10. What was the most satisfying aspect about writing this book (other than perhaps the satisfaction of finishing it)?

What I found most satisfying about both the writing process and the completed book was sensing that its apparently disparate sections fit together beyond my expectations as I moved into the process of ordering the sequences. I loved collaborating with Mark when conjoining his photos with my poems. After the fires devastated areas near Young Lake in the Cariboo in 2017, we came to survey the damage together, noting that although our cabin was spared because of the firefighters’ intervention, many of the trees were burnt down, the boathouse, dock, and boat destroyed, and sites we loved to visit nearby completely devastated. Yet the landscapes also had a kind of eerie beauty where we could also see nature’s regenerative powers already at work. What remains satisfying about working on poems in response to Hildegard’s mandalas is that I am currently collaborating with fellow poet Harold Rhenisch on a series of poems titled Hilde & Johann in which Hildegard of Bingen and Johann Sebastian Bach join up in liminal space to survey our current era. The focus of this work in progress is on the musicality of poetry and the value of poetry in times of crisis. So sometimes the concerns of one book can reincarnate in new ways into another.

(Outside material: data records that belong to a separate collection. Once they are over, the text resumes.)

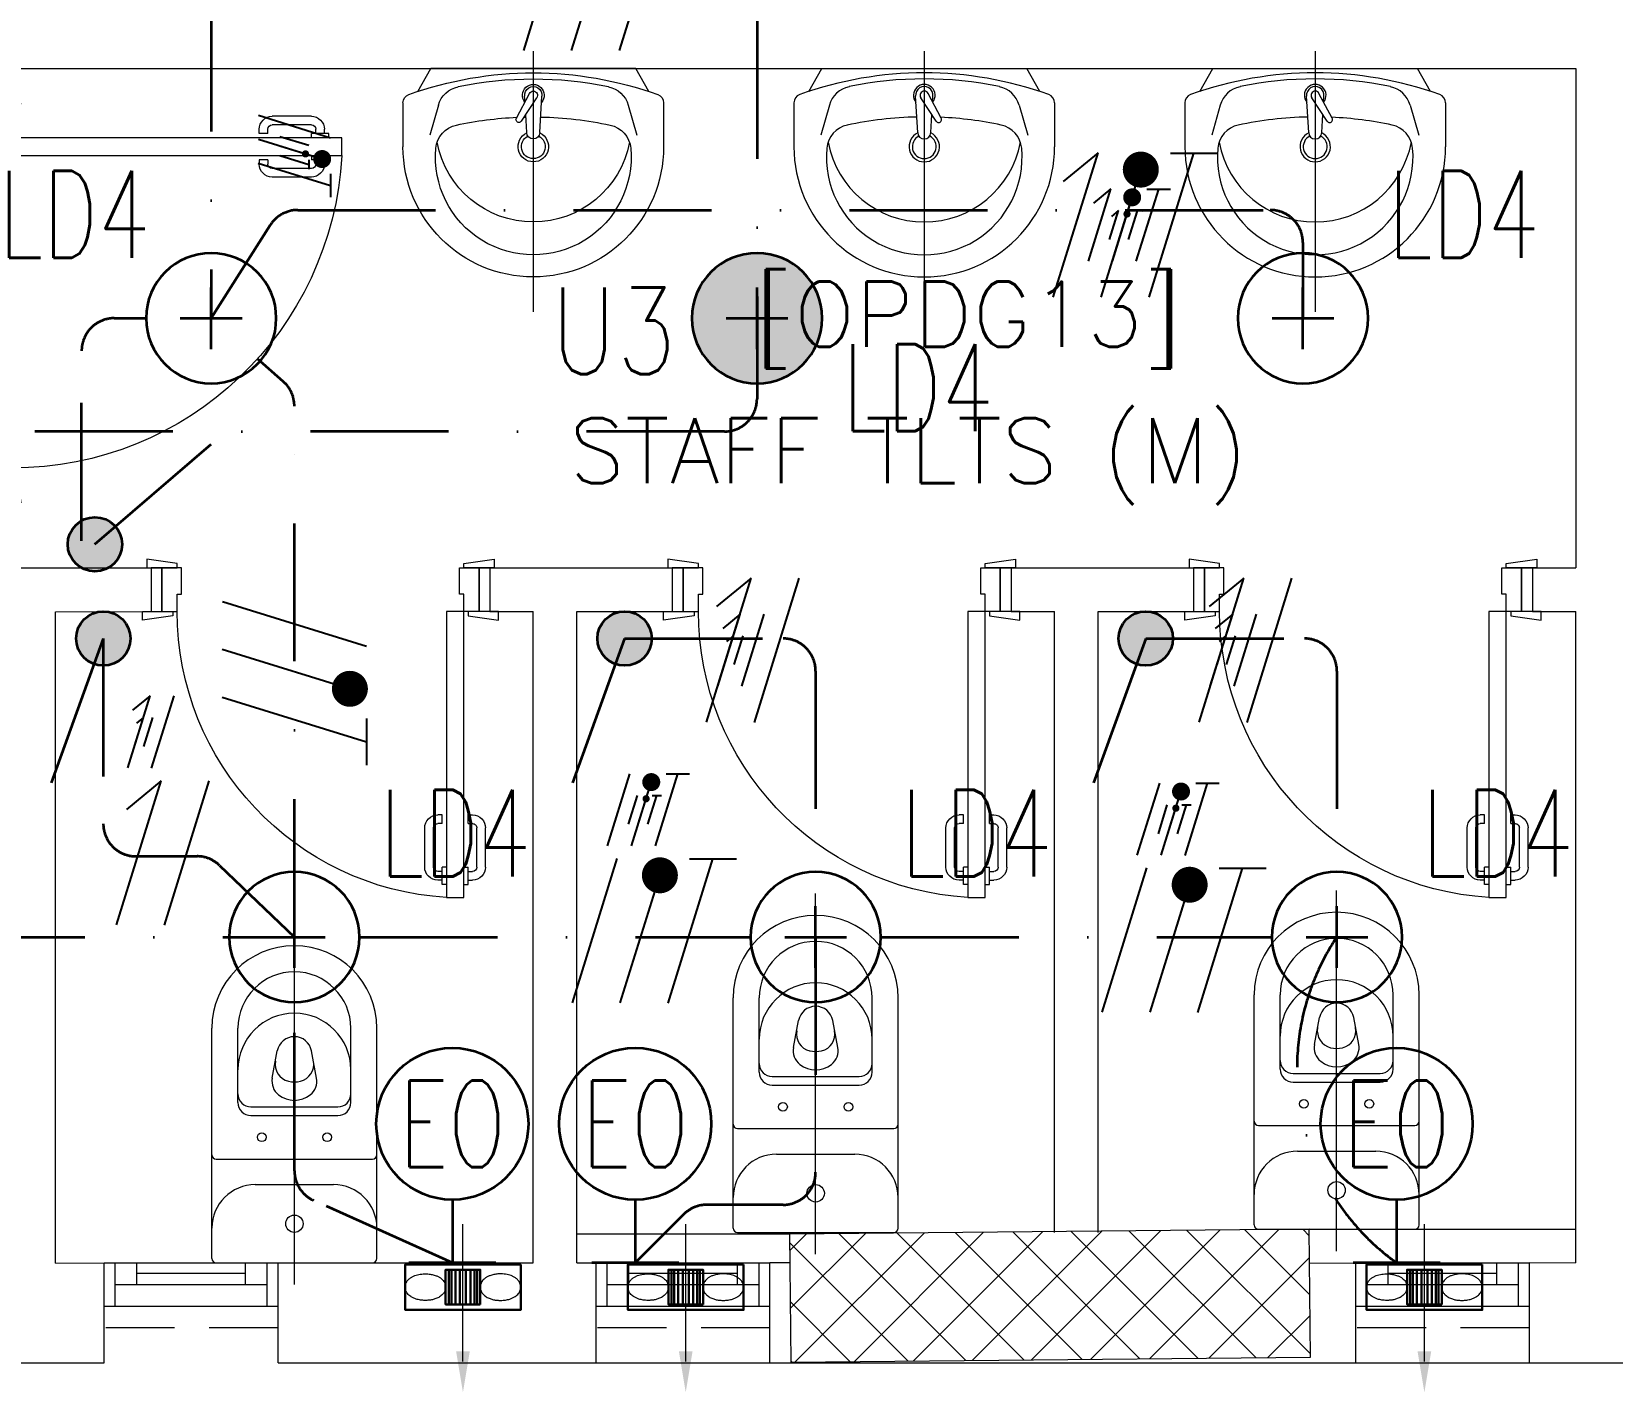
# Model space of a CAD drawing. Header units: inches. Extents: x -12418 to 183584, y -29325 to 19878.
# Drawn here: x 10543 to 14182, y -13166 to -10032 of the extents above; entities that cross this region are included whole.
import ezdxf
from ezdxf.enums import TextEntityAlignment as Align

# ---------------------------------------------------------------- set-up
doc = ezdxf.new("R2010")
doc.units = ezdxf.units.IN
doc.header["$LTSCALE"] = 25
doc.header["$MEASUREMENT"] = 0
for name, pattern in [('00-Ground Floor$0$HIDDEN', [9.525, 6.35, -3.175]), ('DASHDOT', [25.4, 12.7, -6.35, 0, -6.35]), ('DASHED2', [9.525, 6.35, -3.175])]:
    doc.linetypes.add(name, pattern=pattern)
doc.layers.get('0').update_dxf_attribs({"color": 8})
for name, color, linetype, lineweight in [('00-Ground Floor$0$72_EGR_BASE_TEXT', 252, 'Continuous', 5), ('00-Ground Floor$0$Aluminum', 251, 'Continuous', 5), ('00-Ground Floor$0$C-HYDR-CTCH', 251, 'Continuous', 5), ('00-Ground Floor$0$Hatch', 254, 'Continuous', 5), ('00-Ground Floor$0$Proj', 251, 'Continuous', 5), ('00-Ground Floor$0$SANIT', 250, 'Continuous', 5), ('00-Ground Floor$0$Walls', 251, 'Continuous', 5), ('00-Ground Floor$0$Wooden Joinery', 251, 'Continuous', 5), ('E-LITE-CIRC', 6, 'Continuous', 25), ('E-LITE-CIRC-NUMB', 6, 'Continuous', 25), ('E-LITE-CLNG @ 100', 150, 'Continuous', 35), ('E-LITE-CLNG-CNDT', 6, 'DASHDOT', 35), ('E-LITE-CTRL', 6, 'Continuous', 25), ('E-LITE-IDEN', 6, 'Continuous', 25), ('E-LITE-SWCH @ 100', 3, 'Continuous', 35), ('E-POWR-CIRC-NUMB', 6, 'Continuous', 25), ('E-POWR-WALL @ 100', 4, 'Continuous', 35), ('E-POWR-WIRE', 6, 'Continuous', 25), ('E-POWR-WIRE @ 100', 6, 'Continuous', 25), ('E-POWR-WIRE @ 20', 6, 'Continuous', 25), ('E-POWR-WIRE @ 50', 6, 'Continuous', 25)]:
    doc.layers.add(name, color=color, linetype=linetype, lineweight=lineweight)
doc.layers.add('E-POWR-IDEN', color=101, linetype='Continuous')
doc.layers.add('MC-EX-EQPM', color=2, linetype='Continuous')
doc.styles.add('00-Ground Floor$0$SIMPLEX', font='SIMPLEX.shx', dxfattribs={"height": 150})
doc.styles.add('DC_Simplex', font='SIMPLEX.shx', dxfattribs={"width": 0.7})

# ---------------------------------------------------------------- blocks, each defined once
blk = doc.blocks.new('00-Ground Floor$0$A$C72370EFE')
at = {"layer": '00-Ground Floor$0$Wooden Joinery'}
for p, q in [((-0.01, -0.03), (-0.01, -0.07)), ((0, -0.03), (-0.01, -0.03)), ((0.04, -0.03), (0.05, -0.03)), ((0.05, -0.03), (0.05, -0.07)), ((-0.05, -0.07), (-0.05, -0.16)), ((-0.03, -0.07), (-0.03, -0.16)), ((-0.01, -0.04), (-0.02, -0.04)), ((-0.01, -0.06), (-0.02, -0.06)), ((0, -0.07), (-0.01, -0.07)), ((0.04, -0.07), (0.05, -0.07)), ((0.05, -0.04), (0.06, -0.04)), ((0.05, -0.06), (0.06, -0.06)), ((0.07, -0.07), (0.07, -0.16)), ((0.09, -0.07), (0.09, -0.16)), ((-0.01, -0.17), (-0.02, -0.17)), ((-0.01, -0.17), (-0.01, -0.19)), ((0.05, -0.17), (0.06, -0.17)), ((0.05, -0.17), (0.05, -0.19)), ((-0.01, -0.19), (-0.02, -0.19)), ((0.05, -0.19), (0.06, -0.19))]:
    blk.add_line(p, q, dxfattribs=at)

Photo Credit: Mark Haddock

Susan McCaslin is a BC poet residing outside Fort Langley, BC who has published sixteen volumes of poetry including her most recent, Heart Work (Ekstasis Editions, 2020). She has edited two poetry anthologies, written a memoir, a volume of essays, and a volume of creative non-fiction. Susan did her Ph.D. in English Literature at UBC and taught English and Creative Writing at Douglas College in New Westminster, BC for 23 years. She initiated the Han Shan Poetry Project in 2012, which drew on poetry to help save an endangered forest in Glen Valley near her home on the ancestral lands of the Kwantlen First Nation.